Question 7. Jack and Jill play a game. First, each flips a coin. After seeing their own coins (but not each others’), each player (separately) says either “Red” or “Black”. If they name opposite colors, then the Black-sayer gets $4 and the Red-sayer gets nothing. If both say Black, then they both get either $5 (if both flipped heads) or $10 (otherwise). If they both say Red, then they both get either nothing (if both flipped heads) or $20 (otherwise). Assume both players play optimally. If Jack flips heads, what is the probability that he says “Black”? What if Jack flips tails?
Edited to add (in response to a comment from Ron): Assume that neither Jack nor Jill says either Red or Black with probability zero.
Answer. I’ve answered this one here.
Question 8. The five Dukes of Earl are scheduled to arrive at the royal palace on each of the first five days of May. Duke One is scheduled to arrive on the first day of May, Duke Two on the second, etc. Each Duke, upon arrival, can either kill the king or support the king. If he kills the king, he takes the king’s place, becomes the new king, and awaits the next Duke’s arrival. If he supports the king, all subsequent Dukes cancel their visits. A Duke’s first priority is to remain alive, and his second priority is to become king. Who is king on May 6?
Answer. I’ve answered this one here.
Question 9. Suppose the government mails every taxpayer a check for $300. Under a variety of assumptions, discuss the short run and long run effects on a variety of economic variables such as output, employment, the interest rate and the trade balance.
Answer. There are all kinds of directions to go with this one, but a few key points that I’d hope to find in any good solution. First, the answer depends on whether those $300 checks make people feel richer. If so, you’d expect them to respond by spending more and working less. In other words, they’ll want to consume more stuff while producing less. Where does that extra stuff come from? Presumably from abroad, so net imports rise. At the same time, competition for a limited supply of goods pushes the interest rate upward.
From there, a good answer can go in any number of directions: How does the story change in a world of imperfect markets? In what ways does it depend on the nature of those imperfections? And under what circumstances should we buy the assumption that those checks (in tandem with the combination of future tax liabilities and cuts in government services that will be necessary to fund them) really do make people feel richer? In what circumstances do they make people feel poorer (in which case all the effects are reversed)? And so on.
Question 10. Suppose you want to study the effect of education on wages. You have wage data for 100 pairs of siblings, where one member of each pair attended college and one didn’t. Based on these data, you make some estimates. Now you learn that all 100 pairs of siblings are in fact twins. Does this increase or decrease your confidence in your results? Make some arguments in both directions.

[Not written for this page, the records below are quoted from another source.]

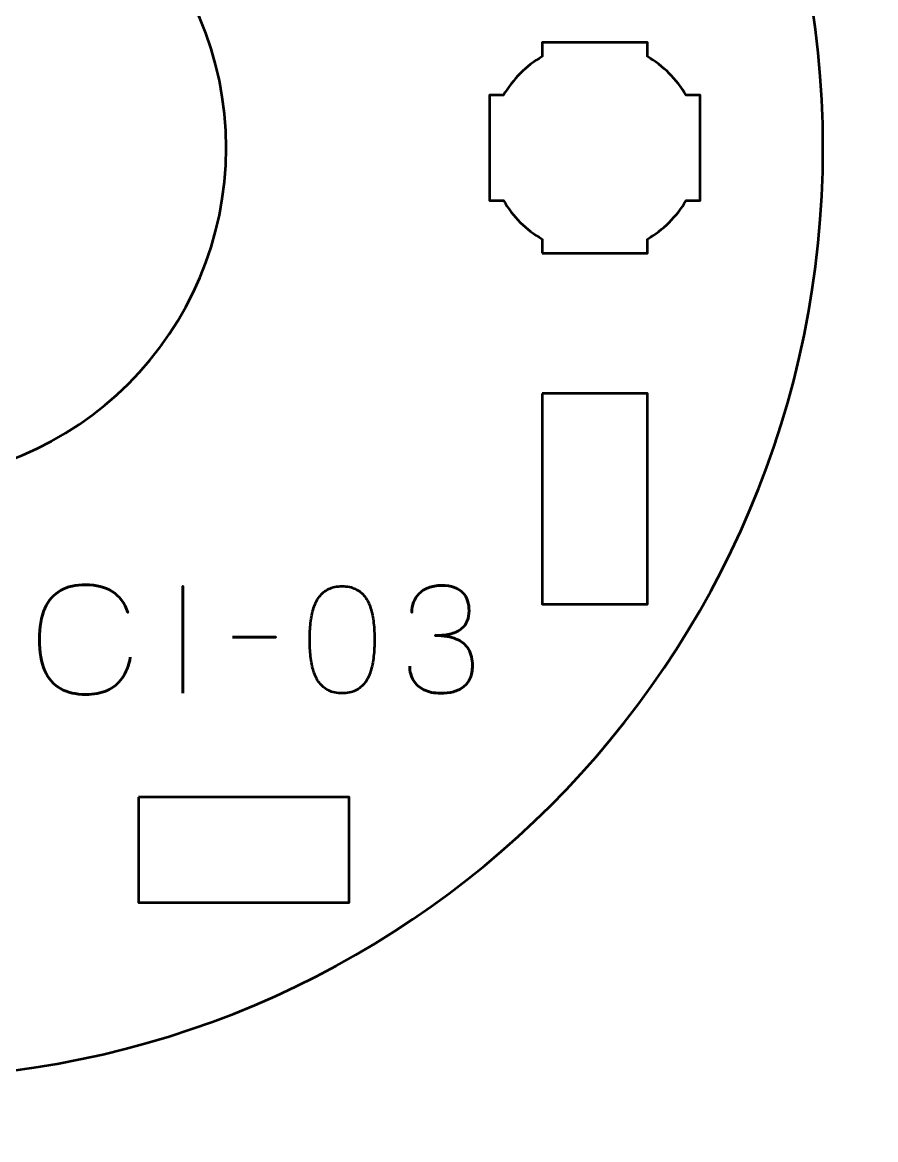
# Model space of a CAD drawing. Header units: centimetres. Extents: x -21 to 0, y -29.7 to 0.
# Drawn here: x -13.93 to -11.5, y -11.675 to -8.492 of the extents above; entities that cross this region are included whole.
import ezdxf

# ---------------------------------------------------------------- set-up
doc = ezdxf.new("R2010")
doc.units = ezdxf.units.CM
doc.header["$MEASUREMENT"] = 0
doc.layers.add('Layer 1', color=7, linetype='Continuous')

msp = doc.modelspace()

# ---------------------------------------------------------------- linework, layer by layer
at = {"layer": 'Layer 1', "color": 22, "lineweight": 53}
msp.add_open_spline([(-21.00003, -29.19995), (-21.00003, -29.19995), (-21.00003, -0.49992), (-21.00003, -0.49992), (-21.00003, -0.49992), (-21.00003, -0.22295), (-20.77694, 0.00004), (-20.49994, 0.00004), (-20.49994, 0.00004), (-20.49994, 0.00004), (-0.50008, 0.00004), (-0.50008, 0.00004), (-0.50008, 0.00004), (-0.22294, 0.00004), (0.00002, -0.22295), (0.00002, -0.49992), (0.00002, -0.49992), (0.00002, -0.49992), (0.00002, -29.19995), (0.00002, -29.19995), (0.00002, -29.19995), (0.00002, -29.47695), (-0.22294, -29.70004), (-0.50008, -29.70004), (-0.50008, -29.70004), (-0.50008, -29.70004), (-20.49994, -29.70004), (-20.49994, -29.70004), (-20.49994, -29.70004), (-20.77694, -29.70004), (-21.00003, -29.47695), (-21.00003, -29.19995)], degree=3, knots=[0, 0, 0, 0, 0.125, 0.125, 0.125, 0.125, 0.25, 0.25, 0.25, 0.25, 0.375, 0.375, 0.375, 0.375, 0.5, 0.5, 0.5, 0.5, 0.625, 0.625, 0.625, 0.625, 0.75, 0.75, 0.75, 0.75, 0.875, 0.875, 0.875, 0.875, 1, 1, 1, 1], dxfattribs=at)
at = {"layer": 'Layer 1', "color": 114, "lineweight": 53}
msp.add_open_spline([(-14.29994, -6.19996), (-12.83661, -6.19996), (-11.64994, -7.38663), (-11.64994, -8.84996), (-11.64994, -8.84996), (-11.64994, -10.31329), (-12.83661, -11.49996), (-14.29994, -11.49996), (-14.29994, -11.49996), (-15.76327, -11.49996), (-16.94994, -10.31329), (-16.94994, -8.84996), (-16.94994, -8.84996), (-16.94994, -7.38663), (-15.76327, -6.19996), (-14.29994, -6.19996)], degree=3, knots=[0, 0, 0, 0, 0.25, 0.25, 0.25, 0.25, 0.5, 0.5, 0.5, 0.5, 0.75, 0.75, 0.75, 0.75, 1, 1, 1, 1], dxfattribs=at)
at = {"layer": 'Layer 1', "color": 250, "lineweight": 53}
msp.add_open_spline([(-14.29994, -7.89996), (-13.77535, -7.89996), (-13.34994, -8.32537), (-13.34994, -8.84996), (-13.34994, -8.84996), (-13.34994, -9.37455), (-13.77535, -9.79996), (-14.29994, -9.79996), (-14.29994, -9.79996), (-14.82453, -9.79996), (-15.24994, -9.37455), (-15.24994, -8.84996), (-15.24994, -8.84996), (-15.24994, -8.32537), (-14.82453, -7.89996), (-14.29994, -7.89996)], degree=3, knots=[0, 0, 0, 0, 0.25, 0.25, 0.25, 0.25, 0.5, 0.5, 0.5, 0.5, 0.75, 0.75, 0.75, 0.75, 1, 1, 1, 1], dxfattribs=at)
at = {"layer": 'Layer 1', "lineweight": 53}
for points, knots in [([(-12.44993, -9.15002), (-12.44993, -9.15002), (-12.44993, -9.10984), (-12.44993, -9.10984), (-12.44993, -9.10984), (-12.49547, -9.08351), (-12.53343, -9.04556), (-12.55978, -9.00003), (-12.55978, -9.00003), (-12.55978, -9.00003), (-12.59993, -9.00003), (-12.59993, -9.00003), (-12.59993, -9.00003), (-12.59993, -9.00003), (-12.59993, -8.85151), (-12.59993, -8.85151), (-12.59993, -8.85151), (-12.59993, -8.85151), (-12.59995, -8.84996), (-12.59995, -8.84996), (-12.59995, -8.84996), (-12.59995, -8.84996), (-12.59993, -8.84841), (-12.59993, -8.84841), (-12.59993, -8.84841), (-12.59993, -8.84841), (-12.59993, -8.70002), (-12.59993, -8.70002), (-12.59993, -8.70002), (-12.59993, -8.70002), (-12.55983, -8.70002), (-12.55983, -8.70002), (-12.55983, -8.70002), (-12.53348, -8.65445), (-12.49549, -8.61645), (-12.44993, -8.59009), (-12.44993, -8.59009), (-12.44993, -8.59009), (-12.44993, -8.55001), (-12.44993, -8.55001), (-12.44993, -8.55001), (-12.44993, -8.55001), (-12.30459, -8.55001), (-12.30459, -8.55001), (-12.30459, -8.55001), (-12.30459, -8.55001), (-12.29995, -8.54995), (-12.29995, -8.54995), (-12.29995, -8.54995), (-12.29995, -8.54995), (-12.2953, -8.55001), (-12.2953, -8.55001), (-12.2953, -8.55001), (-12.2953, -8.55001), (-12.14992, -8.55001), (-12.14992, -8.55001), (-12.14992, -8.55001), (-12.14992, -8.55001), (-12.14992, -8.59009), (-12.14992, -8.59009), (-12.14992, -8.59009), (-12.10435, -8.61645), (-12.06638, -8.65445), (-12.04004, -8.70002), (-12.04004, -8.70002), (-12.04004, -8.70002), (-11.99992, -8.70002), (-11.99992, -8.70002), (-11.99992, -8.70002), (-11.99992, -8.70002), (-11.99992, -9.00003), (-11.99992, -9.00003), (-11.99992, -9.00003), (-11.99992, -9.00003), (-12.04009, -9.00003), (-12.04009, -9.00003), (-12.04009, -9.00003), (-12.06643, -9.04556), (-12.10439, -9.08351), (-12.14992, -9.10984), (-12.14992, -9.10984), (-12.14992, -9.10984), (-12.14992, -9.15002), (-12.14992, -9.15002), (-12.14992, -9.15002), (-12.14992, -9.15002), (-12.44993, -9.15002), (-12.44993, -9.15002)], [0, 0, 0, 0, 0.0454545, 0.0454545, 0.0454545, 0.0454545, 0.0909091, 0.0909091, 0.0909091, 0.0909091, 0.1363636, 0.1363636, 0.1363636, 0.1363636, 0.1818182, 0.1818182, 0.1818182, 0.1818182, 0.2272727, 0.2272727, 0.2272727, 0.2272727, 0.2727273, 0.2727273, 0.2727273, 0.2727273, 0.3181818, 0.3181818, 0.3181818, 0.3181818, 0.3636364, 0.3636364, 0.3636364, 0.3636364, 0.4090909, 0.4090909, 0.4090909, 0.4090909, 0.4545455, 0.4545455, 0.4545455, 0.4545455, 0.5, 0.5, 0.5, 0.5, 0.5454545, 0.5454545, 0.5454545, 0.5454545, 0.5909091, 0.5909091, 0.5909091, 0.5909091, 0.6363636, 0.6363636, 0.6363636, 0.6363636, 0.6818182, 0.6818182, 0.6818182, 0.6818182, 0.7272727, 0.7272727, 0.7272727, 0.7272727, 0.7727273, 0.7727273, 0.7727273, 0.7727273, 0.8181818, 0.8181818, 0.8181818, 0.8181818, 0.8636364, 0.8636364, 0.8636364, 0.8636364, 0.9090909, 0.9090909, 0.9090909, 0.9090909, 0.9545455, 0.9545455, 0.9545455, 0.9545455, 1, 1, 1, 1]), ([(-12.45001, -9.54994), (-12.45001, -9.54994), (-12.15001, -9.54994), (-12.15001, -9.54994), (-12.15001, -9.54994), (-12.15001, -9.54994), (-12.15001, -10.14994), (-12.15001, -10.14994), (-12.15001, -10.14994), (-12.15001, -10.14994), (-12.45001, -10.14994), (-12.45001, -10.14994), (-12.45001, -10.14994), (-12.45001, -10.14994), (-12.45001, -9.54994), (-12.45001, -9.54994)], [0, 0, 0, 0, 0.25, 0.25, 0.25, 0.25, 0.5, 0.5, 0.5, 0.5, 0.75, 0.75, 0.75, 0.75, 1, 1, 1, 1]), ([(-13.59996, -10.69989), (-13.59996, -10.69989), (-12.99996, -10.69989), (-12.99996, -10.69989), (-12.99996, -10.69989), (-12.99996, -10.69989), (-12.99996, -10.99989), (-12.99996, -10.99989), (-12.99996, -10.99989), (-12.99996, -10.99989), (-13.59996, -10.99989), (-13.59996, -10.99989), (-13.59996, -10.99989), (-13.59996, -10.99989), (-13.59996, -10.69989), (-13.59996, -10.69989)], [0, 0, 0, 0, 0.25, 0.25, 0.25, 0.25, 0.5, 0.5, 0.5, 0.5, 0.75, 0.75, 0.75, 0.75, 1, 1, 1, 1])]:
    msp.add_open_spline(points, degree=3, knots=knots, dxfattribs=at)
at = {"layer": 'Layer 1', "color": 30, "lineweight": 53}
for points, knots in [([(-13.62287, -10.30093), (-13.62739, -10.32513), (-13.63529, -10.3451), (-13.64637, -10.36076), (-13.64637, -10.36076), (-13.65751, -10.37636), (-13.67177, -10.38793), (-13.68912, -10.39548), (-13.68912, -10.39548), (-13.70641, -10.40303), (-13.72673, -10.40684), (-13.74987, -10.40677), (-13.74987, -10.40677), (-13.77802, -10.40684), (-13.80194, -10.4014), (-13.82156, -10.39033), (-13.82156, -10.39033), (-13.84117, -10.37932), (-13.85613, -10.36232), (-13.86643, -10.33925), (-13.86643, -10.33925), (-13.87673, -10.31617), (-13.88188, -10.28661), (-13.88195, -10.25056), (-13.88195, -10.25056), (-13.88188, -10.21465), (-13.87673, -10.18515), (-13.86643, -10.16208), (-13.86643, -10.16208), (-13.85613, -10.13901), (-13.84117, -10.12194), (-13.82156, -10.11086), (-13.82156, -10.11086), (-13.80194, -10.09978), (-13.77802, -10.09428), (-13.74987, -10.09435), (-13.74987, -10.09435), (-13.71974, -10.09428), (-13.69449, -10.1007), (-13.67417, -10.11361), (-13.67417, -10.11361), (-13.65392, -10.12652), (-13.63903, -10.14649), (-13.62965, -10.17351), (-13.62965, -10.17351), (-13.63903, -10.14649), (-13.65392, -10.12652), (-13.67417, -10.11361), (-13.67417, -10.11361), (-13.69449, -10.1007), (-13.71974, -10.09428), (-13.74987, -10.09435), (-13.74987, -10.09435), (-13.77802, -10.09428), (-13.80194, -10.09978), (-13.82156, -10.11086), (-13.82156, -10.11086), (-13.84117, -10.12194), (-13.85613, -10.13901), (-13.86643, -10.16208), (-13.86643, -10.16208), (-13.87673, -10.18515), (-13.88188, -10.21465), (-13.88195, -10.25056), (-13.88195, -10.25056), (-13.88188, -10.28661), (-13.87673, -10.31617), (-13.86643, -10.33925), (-13.86643, -10.33925), (-13.85613, -10.36232), (-13.84117, -10.37932), (-13.82156, -10.39033), (-13.82156, -10.39033), (-13.80194, -10.4014), (-13.77802, -10.40684), (-13.74987, -10.40677), (-13.74987, -10.40677), (-13.72673, -10.40684), (-13.70641, -10.40303), (-13.68912, -10.39548), (-13.68912, -10.39548), (-13.67177, -10.38793), (-13.65751, -10.37636), (-13.64637, -10.36076), (-13.64637, -10.36076), (-13.63529, -10.3451), (-13.62739, -10.32513), (-13.62287, -10.30093)], [0, 0, 0, 0, 0.0454545, 0.0454545, 0.0454545, 0.0454545, 0.0909091, 0.0909091, 0.0909091, 0.0909091, 0.1363636, 0.1363636, 0.1363636, 0.1363636, 0.1818182, 0.1818182, 0.1818182, 0.1818182, 0.2272727, 0.2272727, 0.2272727, 0.2272727, 0.2727273, 0.2727273, 0.2727273, 0.2727273, 0.3181818, 0.3181818, 0.3181818, 0.3181818, 0.3636364, 0.3636364, 0.3636364, 0.3636364, 0.4090909, 0.4090909, 0.4090909, 0.4090909, 0.4545455, 0.4545455, 0.4545455, 0.4545455, 0.5, 0.5, 0.5, 0.5, 0.5454545, 0.5454545, 0.5454545, 0.5454545, 0.5909091, 0.5909091, 0.5909091, 0.5909091, 0.6363636, 0.6363636, 0.6363636, 0.6363636, 0.6818182, 0.6818182, 0.6818182, 0.6818182, 0.7272727, 0.7272727, 0.7272727, 0.7272727, 0.7727273, 0.7727273, 0.7727273, 0.7727273, 0.8181818, 0.8181818, 0.8181818, 0.8181818, 0.8636364, 0.8636364, 0.8636364, 0.8636364, 0.9090909, 0.9090909, 0.9090909, 0.9090909, 0.9545455, 0.9545455, 0.9545455, 0.9545455, 1, 1, 1, 1]), ([(-13.47301, -10.40338), (-13.47301, -10.40338), (-13.47301, -10.09816), (-13.47301, -10.09816), (-13.47301, -10.09816), (-13.47301, -10.09816), (-13.47301, -10.40338), (-13.47301, -10.40338)], [0, 0, 0, 0, 0.5, 0.5, 0.5, 0.5, 1, 1, 1, 1]), ([(-13.01962, -10.40338), (-13.00481, -10.40331), (-12.99204, -10.4007), (-12.98138, -10.39562), (-12.98138, -10.39562), (-12.9708, -10.39054), (-12.96198, -10.38327), (-12.95493, -10.37403), (-12.95493, -10.37403), (-12.94794, -10.36472), (-12.94244, -10.35371), (-12.93835, -10.34101), (-12.93835, -10.34101), (-12.93432, -10.32831), (-12.93143, -10.31441), (-12.92981, -10.29917), (-12.92981, -10.29917), (-12.92811, -10.28393), (-12.92727, -10.26791), (-12.92734, -10.25098), (-12.92734, -10.25098), (-12.92727, -10.23412), (-12.92811, -10.2181), (-12.92981, -10.20293), (-12.92981, -10.20293), (-12.93143, -10.18776), (-12.93432, -10.17379), (-12.93835, -10.16109), (-12.93835, -10.16109), (-12.94244, -10.14846), (-12.94794, -10.13746), (-12.95493, -10.12807), (-12.95493, -10.12807), (-12.96198, -10.11876), (-12.9708, -10.11149), (-12.98138, -10.10641), (-12.98138, -10.10641), (-12.99204, -10.10126), (-13.00481, -10.09865), (-13.01962, -10.09858), (-13.01962, -10.09858), (-13.03444, -10.09865), (-13.04721, -10.10126), (-13.05787, -10.10641), (-13.05787, -10.10641), (-13.06845, -10.11149), (-13.07727, -10.11876), (-13.08432, -10.12807), (-13.08432, -10.12807), (-13.09131, -10.13746), (-13.09681, -10.14846), (-13.1009, -10.16109), (-13.1009, -10.16109), (-13.10493, -10.17379), (-13.10782, -10.18776), (-13.10944, -10.20293), (-13.10944, -10.20293), (-13.11113, -10.2181), (-13.11198, -10.23412), (-13.11191, -10.25098), (-13.11191, -10.25098), (-13.11198, -10.26791), (-13.11113, -10.28393), (-13.10944, -10.29917), (-13.10944, -10.29917), (-13.10782, -10.31441), (-13.10493, -10.32831), (-13.1009, -10.34101), (-13.1009, -10.34101), (-13.09681, -10.35371), (-13.09131, -10.36472), (-13.08432, -10.37403), (-13.08432, -10.37403), (-13.07727, -10.38327), (-13.06845, -10.39054), (-13.05787, -10.39562), (-13.05787, -10.39562), (-13.04721, -10.4007), (-13.03444, -10.40331), (-13.01962, -10.40338)], [0, 0, 0, 0, 0.05, 0.05, 0.05, 0.05, 0.1, 0.1, 0.1, 0.1, 0.15, 0.15, 0.15, 0.15, 0.2, 0.2, 0.2, 0.2, 0.25, 0.25, 0.25, 0.25, 0.3, 0.3, 0.3, 0.3, 0.35, 0.35, 0.35, 0.35, 0.4, 0.4, 0.4, 0.4, 0.45, 0.45, 0.45, 0.45, 0.5, 0.5, 0.5, 0.5, 0.55, 0.55, 0.55, 0.55, 0.6, 0.6, 0.6, 0.6, 0.65, 0.65, 0.65, 0.65, 0.7, 0.7, 0.7, 0.7, 0.75, 0.75, 0.75, 0.75, 0.8, 0.8, 0.8, 0.8, 0.85, 0.85, 0.85, 0.85, 0.9, 0.9, 0.9, 0.9, 0.95, 0.95, 0.95, 0.95, 1, 1, 1, 1]), ([(-13.01962, -10.40338), (-13.00481, -10.40331), (-12.99204, -10.4007), (-12.98138, -10.39562), (-12.98138, -10.39562), (-12.9708, -10.39054), (-12.96198, -10.38327), (-12.95493, -10.37403), (-12.95493, -10.37403), (-12.94794, -10.36472), (-12.94244, -10.35371), (-12.93835, -10.34101), (-12.93835, -10.34101), (-12.93432, -10.32831), (-12.93143, -10.31441), (-12.92981, -10.29917), (-12.92981, -10.29917), (-12.92811, -10.28393), (-12.92727, -10.26791), (-12.92734, -10.25098), (-12.92734, -10.25098), (-12.92727, -10.23412), (-12.92811, -10.2181), (-12.92981, -10.20293), (-12.92981, -10.20293), (-12.93143, -10.18776), (-12.93432, -10.17379), (-12.93835, -10.16109), (-12.93835, -10.16109), (-12.94244, -10.14846), (-12.94794, -10.13746), (-12.95493, -10.12807), (-12.95493, -10.12807), (-12.96198, -10.11876), (-12.9708, -10.11149), (-12.98138, -10.10641), (-12.98138, -10.10641), (-12.99204, -10.10126), (-13.00481, -10.09865), (-13.01962, -10.09858), (-13.01962, -10.09858), (-13.03444, -10.09865), (-13.04721, -10.10126), (-13.05787, -10.10641), (-13.05787, -10.10641), (-13.06845, -10.11149), (-13.07727, -10.11876), (-13.08432, -10.12807), (-13.08432, -10.12807), (-13.09131, -10.13746), (-13.09681, -10.14846), (-13.1009, -10.16109), (-13.1009, -10.16109), (-13.10493, -10.17379), (-13.10782, -10.18776), (-13.10944, -10.20293), (-13.10944, -10.20293), (-13.11113, -10.2181), (-13.11198, -10.23412), (-13.11191, -10.25098), (-13.11191, -10.25098), (-13.11198, -10.26791), (-13.11113, -10.28393), (-13.10944, -10.29917), (-13.10944, -10.29917), (-13.10782, -10.31441), (-13.10493, -10.32831), (-13.1009, -10.34101), (-13.1009, -10.34101), (-13.09681, -10.35371), (-13.09131, -10.36472), (-13.08432, -10.37403), (-13.08432, -10.37403), (-13.07727, -10.38327), (-13.06845, -10.39054), (-13.05787, -10.39562), (-13.05787, -10.39562), (-13.04721, -10.4007), (-13.03444, -10.40331), (-13.01962, -10.40338)], [0, 0, 0, 0, 0.05, 0.05, 0.05, 0.05, 0.1, 0.1, 0.1, 0.1, 0.15, 0.15, 0.15, 0.15, 0.2, 0.2, 0.2, 0.2, 0.25, 0.25, 0.25, 0.25, 0.3, 0.3, 0.3, 0.3, 0.35, 0.35, 0.35, 0.35, 0.4, 0.4, 0.4, 0.4, 0.45, 0.45, 0.45, 0.45, 0.5, 0.5, 0.5, 0.5, 0.55, 0.55, 0.55, 0.55, 0.6, 0.6, 0.6, 0.6, 0.65, 0.65, 0.65, 0.65, 0.7, 0.7, 0.7, 0.7, 0.75, 0.75, 0.75, 0.75, 0.8, 0.8, 0.8, 0.8, 0.85, 0.85, 0.85, 0.85, 0.9, 0.9, 0.9, 0.9, 0.95, 0.95, 0.95, 0.95, 1, 1, 1, 1]), ([(-12.82701, -10.32676), (-12.82694, -10.342), (-12.82341, -10.35526), (-12.81643, -10.36676), (-12.81643, -10.36676), (-12.80944, -10.37819), (-12.79949, -10.38715), (-12.78651, -10.39357), (-12.78651, -10.39357), (-12.77353, -10.39999), (-12.75794, -10.40324), (-12.7398, -10.40338), (-12.7398, -10.40338), (-12.72619, -10.40338), (-12.71384, -10.40197), (-12.70262, -10.39901), (-12.70262, -10.39901), (-12.69147, -10.39604), (-12.68188, -10.39146), (-12.67376, -10.38518), (-12.67376, -10.38518), (-12.66565, -10.3789), (-12.65944, -10.37078), (-12.655, -10.36091), (-12.655, -10.36091), (-12.65062, -10.35096), (-12.64844, -10.33903), (-12.64837, -10.32506), (-12.64837, -10.32506), (-12.64829, -10.30644), (-12.6521, -10.2907), (-12.65965, -10.27793), (-12.65965, -10.27793), (-12.6672, -10.26516), (-12.67892, -10.25557), (-12.69465, -10.24901), (-12.69465, -10.24901), (-12.71038, -10.24244), (-12.73056, -10.23913), (-12.75504, -10.23913), (-12.75504, -10.23913), (-12.73677, -10.2392), (-12.72146, -10.23751), (-12.70897, -10.23405), (-12.70897, -10.23405), (-12.69655, -10.23059), (-12.68661, -10.22572), (-12.67913, -10.21937), (-12.67913, -10.21937), (-12.67165, -10.21309), (-12.66622, -10.20561), (-12.66297, -10.19701), (-12.66297, -10.19701), (-12.65965, -10.18847), (-12.65803, -10.17909), (-12.6581, -10.16886), (-12.6581, -10.16886), (-12.65803, -10.15862), (-12.65944, -10.14917), (-12.66226, -10.14042), (-12.66226, -10.14042), (-12.66502, -10.13167), (-12.66953, -10.12398), (-12.67567, -10.11742), (-12.67567, -10.11742), (-12.68181, -10.11086), (-12.68992, -10.10571), (-12.69987, -10.10204), (-12.69987, -10.10204), (-12.70989, -10.09837), (-12.7221, -10.09654), (-12.73642, -10.09647), (-12.73642, -10.09647), (-12.75067, -10.09654), (-12.76316, -10.09865), (-12.77374, -10.10275), (-12.77374, -10.10275), (-12.7844, -10.10684), (-12.79314, -10.11241), (-12.8002, -10.11954), (-12.8002, -10.11954), (-12.80718, -10.12666), (-12.81241, -10.13478), (-12.81586, -10.14395), (-12.81586, -10.14395), (-12.81939, -10.15312), (-12.82108, -10.16286), (-12.82108, -10.17309), (-12.82108, -10.17309), (-12.82108, -10.16286), (-12.81939, -10.15312), (-12.81586, -10.14395), (-12.81586, -10.14395), (-12.81241, -10.13478), (-12.80718, -10.12666), (-12.8002, -10.11954), (-12.8002, -10.11954), (-12.79314, -10.11241), (-12.7844, -10.10684), (-12.77374, -10.10275), (-12.77374, -10.10275), (-12.76316, -10.09865), (-12.75067, -10.09654), (-12.73642, -10.09647), (-12.73642, -10.09647), (-12.7221, -10.09654), (-12.70989, -10.09837), (-12.69987, -10.10204), (-12.69987, -10.10204), (-12.68992, -10.10571), (-12.68181, -10.11086), (-12.67567, -10.11742), (-12.67567, -10.11742), (-12.66953, -10.12398), (-12.66502, -10.13167), (-12.66226, -10.14042), (-12.66226, -10.14042), (-12.65944, -10.14917), (-12.65803, -10.15862), (-12.6581, -10.16886), (-12.6581, -10.16886), (-12.65803, -10.17909), (-12.65965, -10.18847), (-12.66297, -10.19701), (-12.66297, -10.19701), (-12.66622, -10.20561), (-12.67165, -10.21309), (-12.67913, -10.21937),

Answer. There are several things to say here, but here’s one that I was hoping for: If John goes to college and his younger brother Joe doesn’t, it might be because John and Joe are very different people—or it might be because their parents went bankrupt in the interim. On the other hand, if John and Joe are twins, the interim bankruptcy is ruled out, so we can be sure that John and Joe were somehow different. Let me repeat that: The fact that they are twins should make us more certain that there’s something different about them, not less—because it rules out a lot of alternative explanations for why only one of them went to college. That intrinsic difference should make you more skeptical of your results.